Six months earlier the Calumet Club had met to vote on moving north from the clubhouse at Fifth Avenue and 29th Street where they had been for a quarter of a century.   The Hollins house was suggested as a possibility; certainly taking over the mansion would preclude the expense of building.   Before 1915 the house was purchased for $400,000 and the club was opened in the new location.

The house was conveniently within what was becoming the new club district.   The Brickbuilder magazine noted in January 1916 that “The clubs in New York have been steadily moving farther and farther north, and while the University Club was for many years a solitary outpost at 54th street and Fifth avenue, it is now no farther north than many of the others.  The pleasant new building of the Calumet Club is on 56th street, just west of Fifth avenue.”

The club had been formed in 1879 by twenty young men from distinguished families.  They named it after the calumet, a tobacco pipe that the American Indians used in peace treaties.  Membership was limited to 300.

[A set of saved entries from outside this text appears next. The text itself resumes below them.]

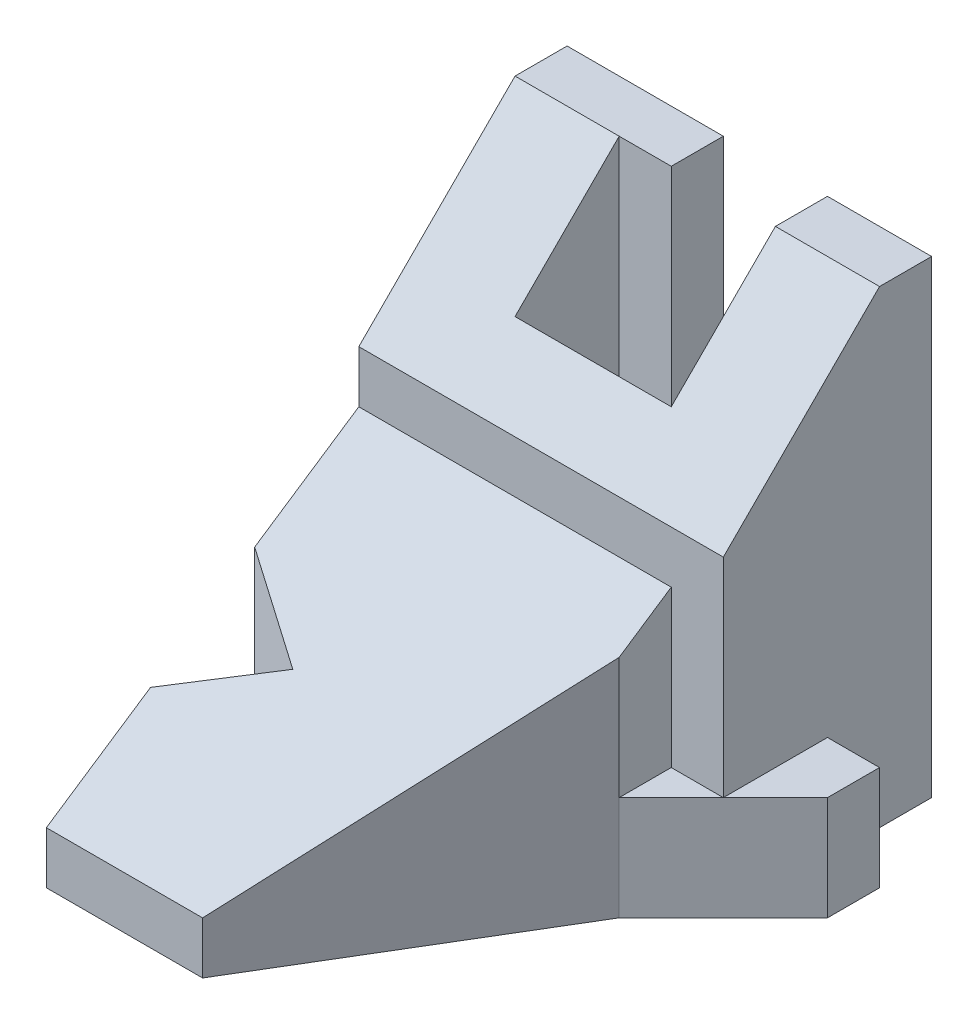
SolidWorks part; units mm, degrees
ref_plane "Front Plane" through (0, 0, 0) normal (0, 0, 1) x (1, 0, 0)
ref_plane "Top Plane" through (0, 0, 0) normal (0, 1, 0) x (1, 0, 0)
ref_plane "Right Plane" through (0, 0, 0) normal (1, 0, 0) x (0, 0, -1)
sketch "Sketch1" plane through (0, 0, 0) normal (0, 0, 1) x (1, 0, 0)
  line L1 (-17.5, 22.5) -> (17.5, 22.5)
  line L2 (-17.5, 22.5) -> (-17.5, -22.5)
  line L3 (-17.5, -22.5) -> (17.5, -22.5)
  line L4 (17.5, 22.5) -> (17.5, -22.5)
  line L5 (-17.5, 22.5) -> (17.5, -22.5) construction
  line L6 (-17.5, -22.5) -> (17.5, 22.5) construction
  point P0 (0, 0)
  dimension "D1" = 35
  dimension "D2" = 45
extrude "Boss-Extrude2" add sketch "Sketch1" along normal blind 20
sketch "Sketch3" plane through (0, 22.5, 0) normal (0, 1, 0) x (1, 0, 0)
  line L0 (7.5, 0) -> (7.5, -15)
  line L1 (17.5, 0) -> (-17.5, 0) construction
  line L2 (7.5, -15) -> (-12.5, -15)
  line L3 (-12.5, -15) -> (-12.5, -5)
  line L4 (-12.5, -5) -> (-7.5, -5)
  line L5 (-7.5, -5) -> (-7.5, 0)
  line L6 (-7.5, 0) -> (7.5, 0)
  line L8 (-17.5, -20) -> (-17.5, 0) construction
  point P10 (-13.6919, -3.1241)
  point P11 (13.4618, -5.7704)
  dimension "D1" = 15
  dimension "D2" = 10
  dimension "D3" = 10
  dimension "D4" = 5
  dimension "D5" = 10
extrude "Cut-Extrude1" cut sketch "Sketch3" against normal through all
sketch "Sketch4" plane through (17.5, 0, 0) normal (1, 0, 0) x (0, 0, -1)
  line L0 (-5, 22.5) -> (-20, 7.5)
  line L1 (-20, 22.5) -> (0, 22.5) construction
  line L2 (-20, -22.5) -> (-20, 22.5) construction
  line L3 (-20, 7.5) -> (-20, 22.5)
  line L4 (-20, 22.5) -> (-5, 22.5)
  dimension "D1" = 5
  dimension "D2" = 30
extrude "Cut-Extrude2" cut sketch "Sketch4" against normal through all
sketch "Sketch5" plane through (17.5, 0, 0) normal (1, 0, 0) x (0, 0, -1)
  line L0 (-20, -22.5) -> (-10, -22.5)
  line L1 (-20, -22.5) -> (0, -22.5) construction
  line L2 (-10, -22.5) -> (-10, -12.5)
  line L3 (-10, -12.5) -> (-20, -12.5)
  line L4 (-20, -22.5) -> (-20, 7.5) construction
  line L5 (-20, -12.5) -> (-20, -22.5)
  dimension "D1" = 10
  dimension "D2" = 10
extrude "Boss-Extrude3" add sketch "Sketch5" along normal blind 5
sketch "Sketch6" plane through (0, -12.5, 0) normal (0, 1, 0) x (1, 0, 0)
  line L0 (17.5, -20) -> (22.5, -15)
  line L1 (22.5, -10) -> (22.5, -20) construction
  line L2 (22.5, -15) -> (22.5, -20)
  line L3 (22.5, -20) -> (17.5, -20)
  dimension "D1" = 5
extrude "Cut-Extrude3" cut sketch "Sketch6" against normal through all
sketch "Sketch7" plane through (0, 0, 20) normal (0, 0, 1) x (1, 0, 0)
  line L0 (-17.5, 2.5) -> (12.5, 2.5)
  line L1 (-17.5, 7.5) -> (-17.5, -22.5) construction
  line L2 (12.5, 2.5) -> (12.5, -22.5)
  line L3 (-17.5, -22.5) -> (17.5, -22.5) construction
  line L4 (12.5, -22.5) -> (-17.5, -22.5)
  line L5 (-17.5, -22.5) -> (-17.5, 2.5)
  line L6 (17.5, -12.5) -> (17.5, 7.5) construction
  line L7 (-17.5, 7.5) -> (17.5, 7.5) construction
  dimension "D1" = 5
  dimension "D2" = 5
extrude "Boss-Extrude4" add sketch "Sketch7" along normal blind 30
sketch "Sketch8" plane through (0, 0, 20) normal (0, 0, 1) x (1, 0, 0)
  line L0 (17.5, -22.5) -> (17.5, -12.5)
  line L1 (17.5, -12.5) -> (12.5, -12.5)
  line L2 (12.5, -22.5) -> (12.5, 2.5) construction
  line L3 (12.5, -12.5) -> (12.5, -22.5)
  line L4 (12.5, -22.5) -> (17.5, -22.5)
extrude "Boss-Extrude5" add sketch "Sketch8" along normal blind 5
sketch "Sketch9" plane through (0, -12.5, 0) normal (0, 1, 0) x (1, 0, 0)
  line L0 (17.5, -20) -> (12.5, -25)
  line L1 (12.5, -25) -> (17.5, -25)
  line L2 (17.5, -25) -> (17.5, -20)
extrude "Cut-Extrude4" cut sketch "Sketch9" against normal through all
sketch "Sketch11" plane through (-7.5, 0, 0) normal (1, 0, 0) x (0, 0, -1)
  line L0 (0, 22.5) -> (0, -22.5)
  line L1 (0, -22.5) -> (-5, -22.5)
  line L2 (-5, -22.5) -> (-5, 22.5)
  line L3 (-5, 22.5) -> (0, 22.5)
extrude "Boss-Extrude6" add sketch "Sketch11" along normal blind 5
sketch "Sketch12" plane through (-12.5, 0, 0) normal (1, 0, 0) x (0, 0, -1)
  line L0 (-5, 22.5) -> (-5, -22.5)
  line L1 (-5, -22.5) -> (-15, -22.5)
  line L2 (-15, -22.5) -> (-15, 12.5)
  line L3 (-15, 12.5) -> (-5, 22.5)
extrude "Boss-Extrude7" add sketch "Sketch12" along normal blind 5
sketch "Sketch13" plane through (0, 2.5, 0) normal (0, 1, 0) x (1, 0, 0)
  line L0 (12.5, -25) -> (-2.5, -50)
  line L1 (12.5, -50) -> (-17.5, -50) construction
  line L2 (-2.5, -50) -> (12.5, -50)
  line L3 (12.5, -50) -> (12.5, -25)
  dimension "D1" = 15
extrude "Cut-Extrude7" cut sketch "Sketch13" against normal through all
sketch "Sketch14" plane through (0, 2.5, 0) normal (0, 1, 0) x (1, 0, 0)
  line L0 (-17.5, -30) -> (-8.8397, -35)
  line L1 (-17.5, -50) -> (-17.5, -20) construction
  line L2 (-8.8397, -35) -> (-17.5, -40)
  line L3 (-17.5, -40) -> (-17.5, -30)
  line L4 (-17.5, -20) -> (17.5, -20) construction
  point P11 (0.7983, -32.0727)
  dimension "D1" = 10
  dimension "D2" = 10
  dimension "D3" = 15
  dimension "D4" = 10
extrude "Cut-Extrude8" cut sketch "Sketch14" against normal through all
ref_plane "Plane1" through (-17.5, 0, 0) normal (1, 0, 0) x (0, 0, -1)
sketch "Sketch15" plane through (-17.5, 0, 0) normal (1, 0, 0) x (0, 0, -1)
  line L0 (-20, 2.5) -> (-50, -17.5)
  line L1 (-50, 2.5) -> (-50, -22.5) construction
  line L2 (-50, -17.5) -> (-50, 2.5)
  line L3 (-50, 2.5) -> (-20, 2.5)
  dimension "D1" = 5
extrude "Cut-Extrude11" cut sketch "Sketch15" along normal through all

In 1924 architect J. E. R. Carpenter was commissioned to renovate the building.  He added a two-story extension in the courtyard, set back behind a one-story arched entrance.  The original centered entrance and portico were replaced by a window that deftly blended with the others.
Carpenter's addition included a new entrance, replacing the original centered doorway -- photo by Alice Lum
Despite being one of the oldest social organizations in the city, the Great Depression proved too much to withstand.  On May 31, 1935 the club was disbanded and the clubhouse closed.   In September the Hollins house was sold at foreclosure and became home to the antiques dealer Charles of London.

For the next decade commercial tenants would come and go, with the house sitting empty for periods.  The Salvation Army acquired it in 1943 to be used as a servicemen’s canteen during World War II.

Over the door a handsome cast iron ornament simulates a leaded fan light -- photo by Alice Lum
Finally in 1947 the government of Argentina purchased the mansion, renovating it as the Argentine Consulate.    The Hollins mansion remains astonishingly preserved; one of the few residences in the area to survive without significant commercial alteration.  The handsome Georgian house was designated a New York City landmark in 1984.